__Brief__
In the data below, which lines hold "board"? Copy every one.

START Working data

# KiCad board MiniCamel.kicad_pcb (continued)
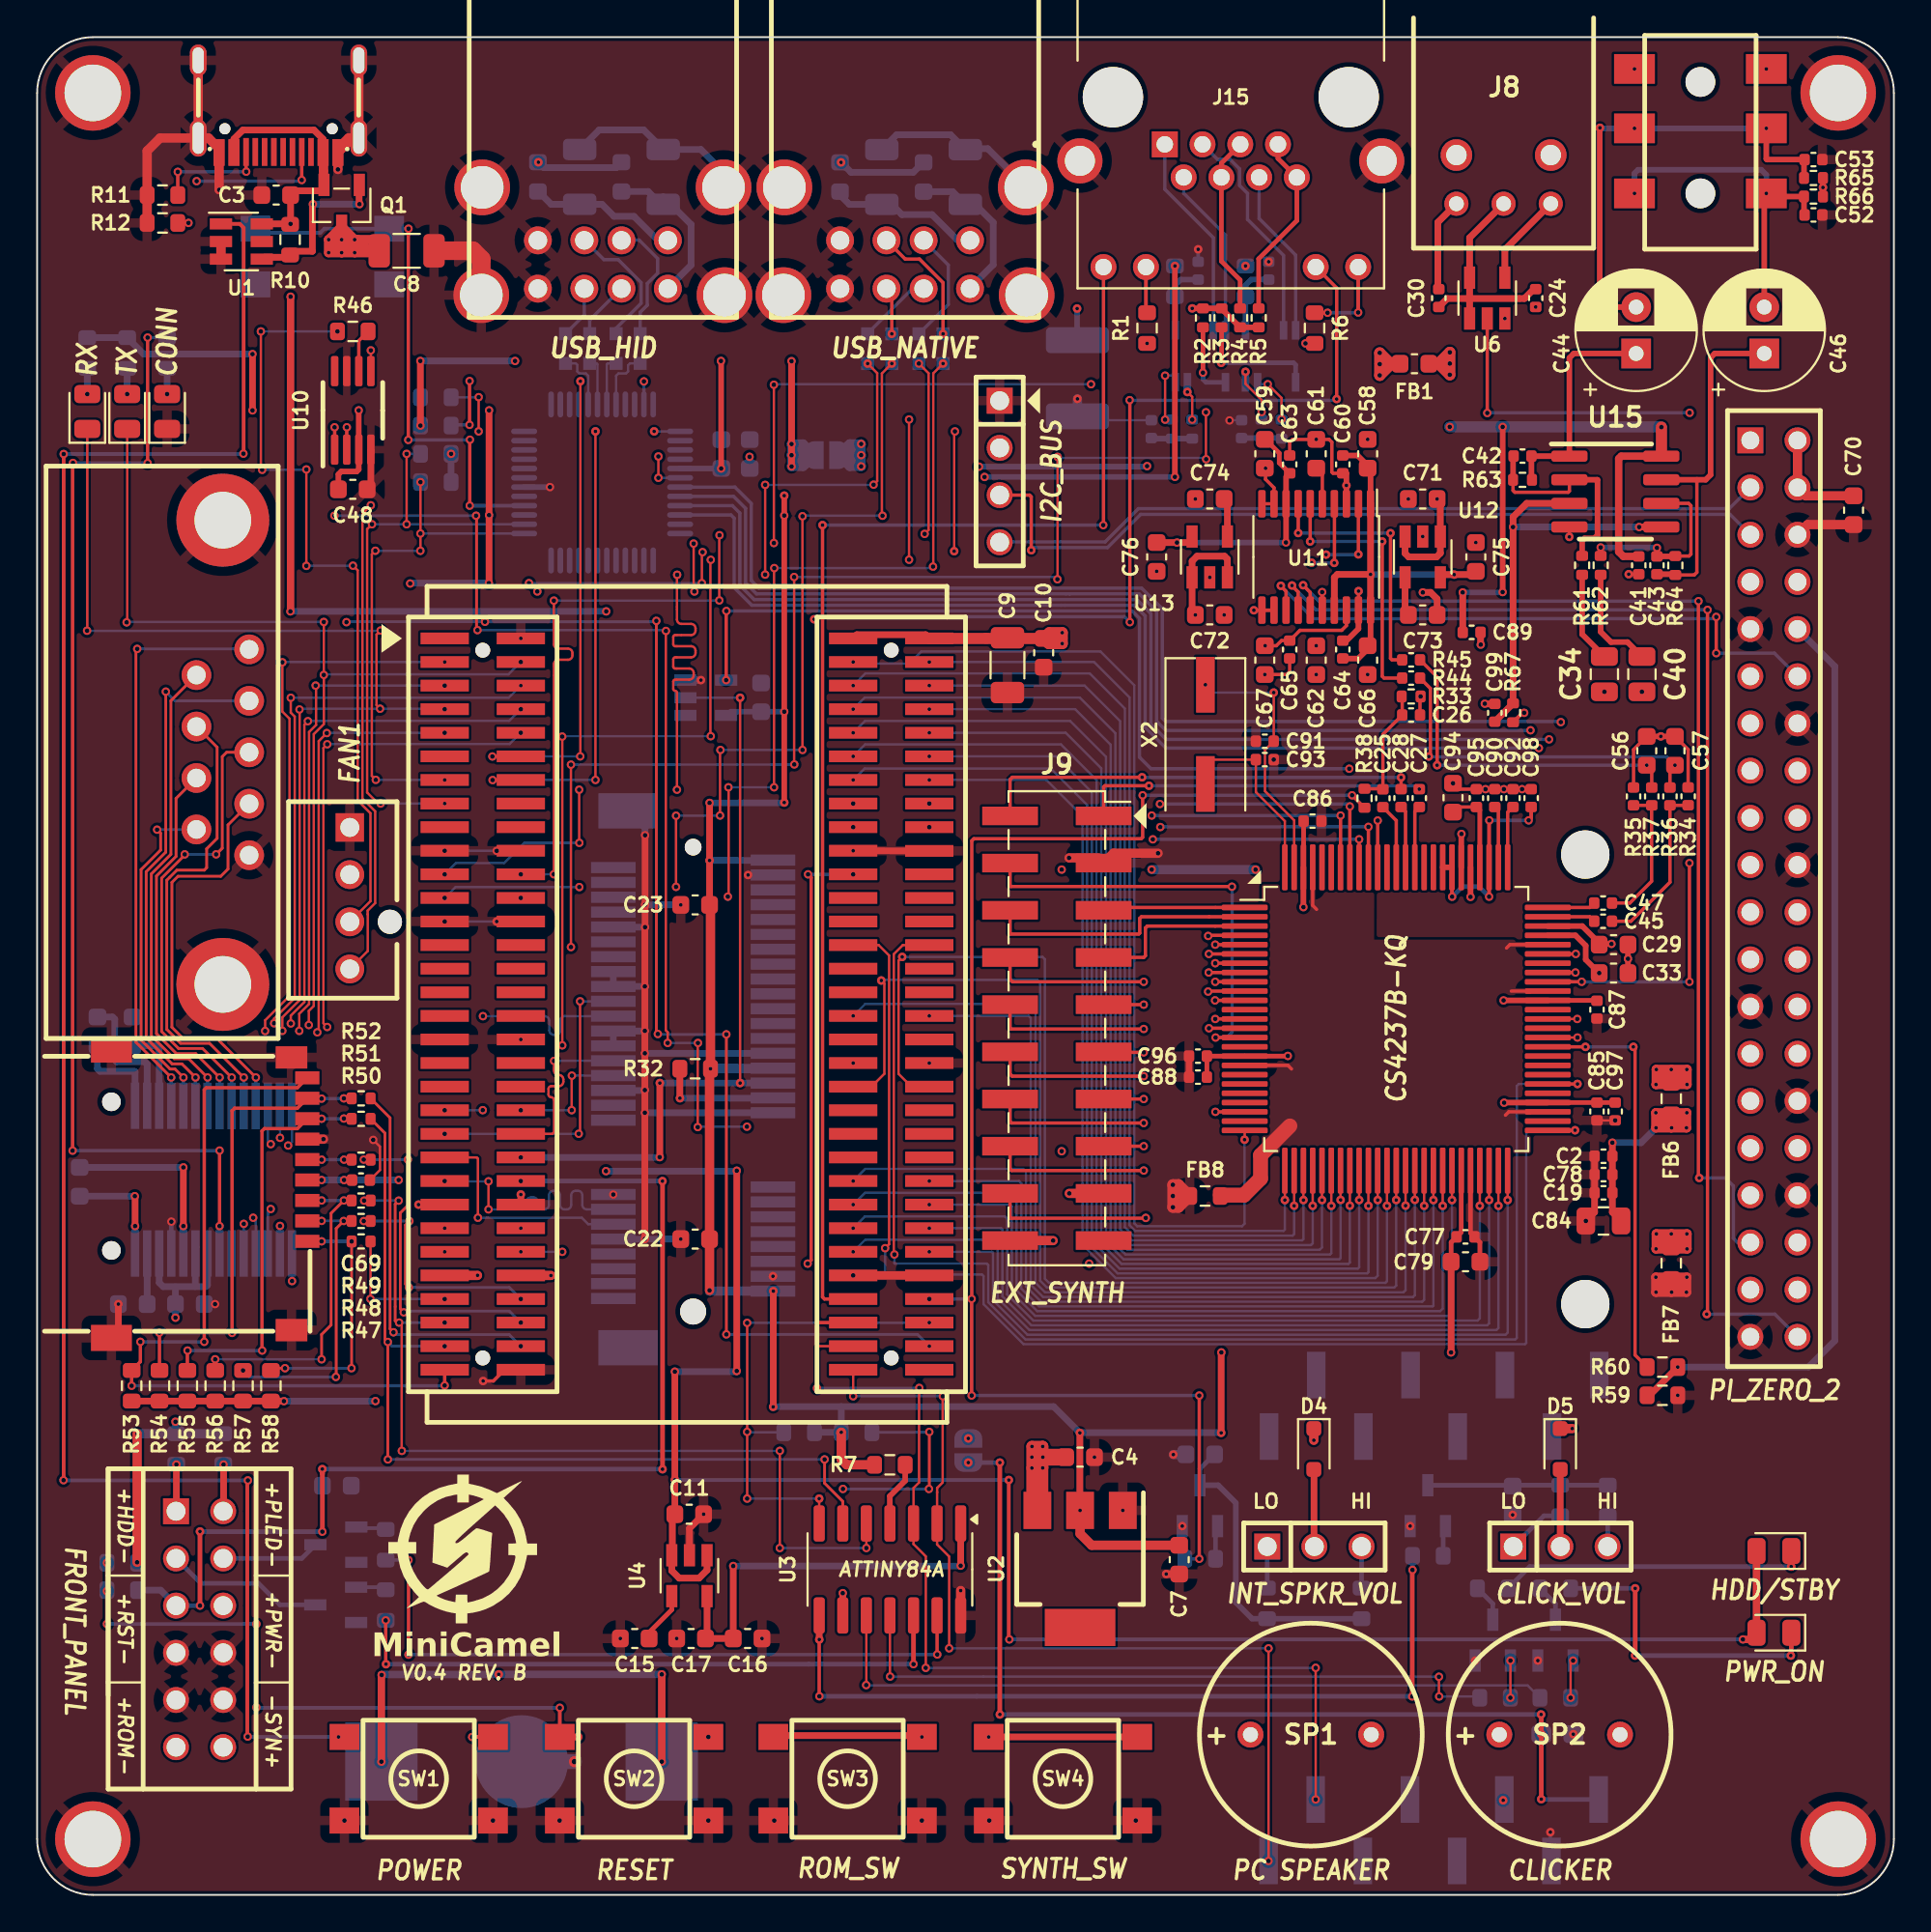
[diagram p0: board, top side]
## Routing (per net, layer and track width the routed paths; a pad name or vN(x,y) marks a point on that pad's centre or on a via; arc(x,y) is an arc through that point) (continued)
  Bottom w0.15: v1(9.83,44) 9.83,42.48
  Bottom w0.36: 9.83,42.48 U5.8
/RS_DCD1: length 31.5
  Top w0.15: v1(7.22,44) 5.32,45.9 5.32,67 v1(5.39,67.07)
  Bottom w0.15: v1(5.39,67.07) 11.4,67.07 J5.1 ; U5.4 7.22,42.48 7.22,44.07 7.23,44.08
/RS_DSR1: length 25.9
  Top w0.15: J5.6 7.2,64.28 7.2,56.01 6.15,54.96 6.15,46.24 7.39,45.01 8.16,45.01 9.17,44 v1(9.18,44)
  Bottom w0.15: U5.7 9.17,44
  Bottom w0.36: 9.17,44 v1(9.18,44)
/RS_DTR1: length 22.3
  Top w0.15: J5.4 10.28,57.59 10.28,55.22 9.89,54.83 7.59,54.83 7.26,54.5 7.26,46.7 7.85,46.12 9.66,46.12 v1(11.78,44)
  Bottom w0.15: v1(11.78,44) 11.78,42.48
  Bottom w0.36: 11.78,42.48 U5.11
/RS_RI1: length 18.6
  Top w0.15: v1(6.46,57.34) 6.65,57.15 6.65,56.24 5.6,55.19 5.6,46.01 7.16,44.45 7.43,44.45 v1(7.88,44)
  Bottom w0.15: U5.5 7.88,44 v1(7.88,44) ; J5.9 8.57,57.34 v1(6.46,57.34)
/RS_RTS1: length 25.5
  Top w0.15: J5.7 9.69,61.78 9.69,56.87 9.13,56.31 9.13,55.29 9,55.16 7.53,55.16 6.98,54.62 6.98,46.59 7.73,45.84 9.28,45.84 11.12,44 v1(11.13,44)
  Bottom w0.15: v1(11.13,44) 11.13,42.48
  Bottom w0.36: 11.13,42.48 U5.10
/RS_RX1: length 28.8
  Top w0.15: v1(6.93,64.77) 6.93,64.77 6.93,56.13 5.87,55.07 5.87,46.13 7.27,44.73 7.8,44.73 v1(8.53,44)
  Bottom w0.15: J5.2 7.43,64.28 v1(6.93,64.77) ; U5.6 8.52,44 v1(8.53,44)
/RS_TX1: length 25
  Top w0.15: J5.3 10.2,61.51 9.97,61.27 9.97,56.34 v1(9.64,56.01) ; v1(10.48,44) 10.47,44 8.91,45.56 7.62,45.56 6.7,46.47 6.7,54.73 7.95,55.98 v1(7.95,56.01)
  Bottom w0.15: 11.41,61.5 J5.3 ; v1(7.95,56.01) v1(9.64,56.01)
  Bottom w0.18: U5.9 10.48,44
/RST_SW: length 41.8
  Top w0.2: 11.81,10.07 v1(11.81,10.09) v2(11.81,14.58) ; v1(3.76,14.58) v1(3.76,17.87) ; v1(28.15,10.07) SW2.2
  Top w0.36: SW2.2 v1(29.15,8.5)
  In1.Cu w0.2: v1(29.15,8.5) v1(36.15,8.5)
  Bottom w0.2: v2(11.81,14.58) v1(3.76,14.58) ; v1(3.76,16.35) R9.2 ; v1(28.15,10.07) 11.81,10.07
/RSTDRV: length 51.8
  Top w0.18: v1(37.12,69.11) 37.11,69.1 v1(37.11,65.39) ; U14.90 v1(72.2,57.83)
  In1.Cu w0.18: v1(72.2,57.83) 72.2,60.29 71.87,60.62 v1(70.67,60.62)
  Bottom w0.18: v1(37.12,69.11) 37.12,69.11 58.98,69.11 59.37,68.72 59.37,61.24 59.99,60.62 v1(70.67,60.62)
/RTS1: length 33.8
  Top w0.127: v1(14.12,46.51) 14.12,47.43 14.65,47.96 14.65,62.6 15.02,62.97 15.02,65.07 v1(15,65.09)
  In2.Cu w0.127: v1(14.12,46.51) 14.12,45.91 13.3,45.09 13.3,40.97 v1(13.08,40.75)
  Bottom w0.127: v1(15,65.09) v1(21.95,65.09) ; U5.13 13.08,42.47 v1(13.08,40.75)
/RX1: length 69.4
  Top w0.127: v1(18.5,68.06) 18.28,67.84 18.28,64.04 v1(18.47,63.85) ; v1(2.69,68.05) 2.7,68.06 D3.1 ; v1(13.21,46.51) 13.21,47.24 14.14,48.17 14.14,63.8 v1(14.13,63.81)
  In2.Cu w0.127: v1(12.58,36.92) 11.99,37.51 11.99,40.68 12.79,41.48 12.79,45.3 13.21,45.72 v1(13.21,46.51)
  Bottom w0.127: v1(2.69,68.05) 2.7,68.04 18.48,68.04 v1(18.5,68.06) ; v1(14.13,63.81) 14.17,63.85 v1(18.47,63.85) 21.92,63.85 v1(21.95,63.83)
  Bottom w0.15: U5.17 12.42,36.77 v1(12.58,36.92)
/RX2: length 48.9
  Top w0.127: v1(43.95,26.84) P1.B63 ; v1(48.78,26.84) 48.77,26.83 48.77,22.2 48.47,21.9 48.47,21.67 48.47,21.66 U3.2 48.47,18.86 49.12,18.21 v1(49.12,13.27) ; v1(66.32,1.83) v1(66.32,13.27)
  Bottom w0.127: v1(48.78,26.84) v1(43.95,26.84) ; v1(66.32,13.27) v1(49.12,13.27)
/SD_CD: length 43.1
  Top w0.18: J13.9 14.02,43.45 9.11,43.45 9,43.34 v1(9,29.77) ; v1(5.09,27.41) R53.2 5.56,28.7 v1(5.56,29.77) ; v1(21.95,27.42) P1.A63
  Bottom w0.18: v1(21.95,27.42) 21.94,27.41 v1(5.09,27.41) ; v1(9,29.77) v1(5.56,29.77)
/SD_CLK: length 17.8
  Top w0.15: v1(19.75,31.35) 19.56,31.54 19.56,36.71 19.95,37.1 19.95,39.56 v1(19.97,39.58) ; R50.2 17.95,39.58 v1(17.59,39.58)
  Bottom w0.15: v1(19.75,31.35) 19.81,31.42 25.44,31.42 v1(26.05,30.81) ; v1(19.97,39.58) v1(17.59,39.58)
/SD_CMD: length 50
  Top w0.127: v1(19.64,23.9) 19.63,23.91 19.63,30.67 v1(19.49,30.81) ; U3.5 v1(44.66,18.67) ; v1(40,18.67) v1(40,23.9)
  Top w0.15: v1(19.47,37.37) 19.28,37.18 19.28,30.91 19.38,30.81 v1(19.49,30.81) ; v1(17.61,37.37) 17.95,37.37 R49.2
  Bottom w0.127: v1(19.64,23.9) v1(40,23.9) ; v1(44.66,18.67) v1(40,18.67)
  Bottom w0.15: v1(19.47,37.37) v1(17.61,37.37) ; v1(19.49,30.81) v1(21.95,30.81)
/SD_DAT0: length 49.3
  Top w0.15: R51.2 18.73,41 18.73,29.92 v1(18.89,29.76) 18.89,23.44 v1(18.89,23.44) ; U3.6 43.39,21.18 42.41,22.16 v1(42.41,23.44)
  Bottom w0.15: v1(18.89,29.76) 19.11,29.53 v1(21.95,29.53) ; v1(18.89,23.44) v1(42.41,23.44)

END Working data

__Solution below__
# KiCad board MiniCamel.kicad_pcb (continued)
[diagram p0: board, top side]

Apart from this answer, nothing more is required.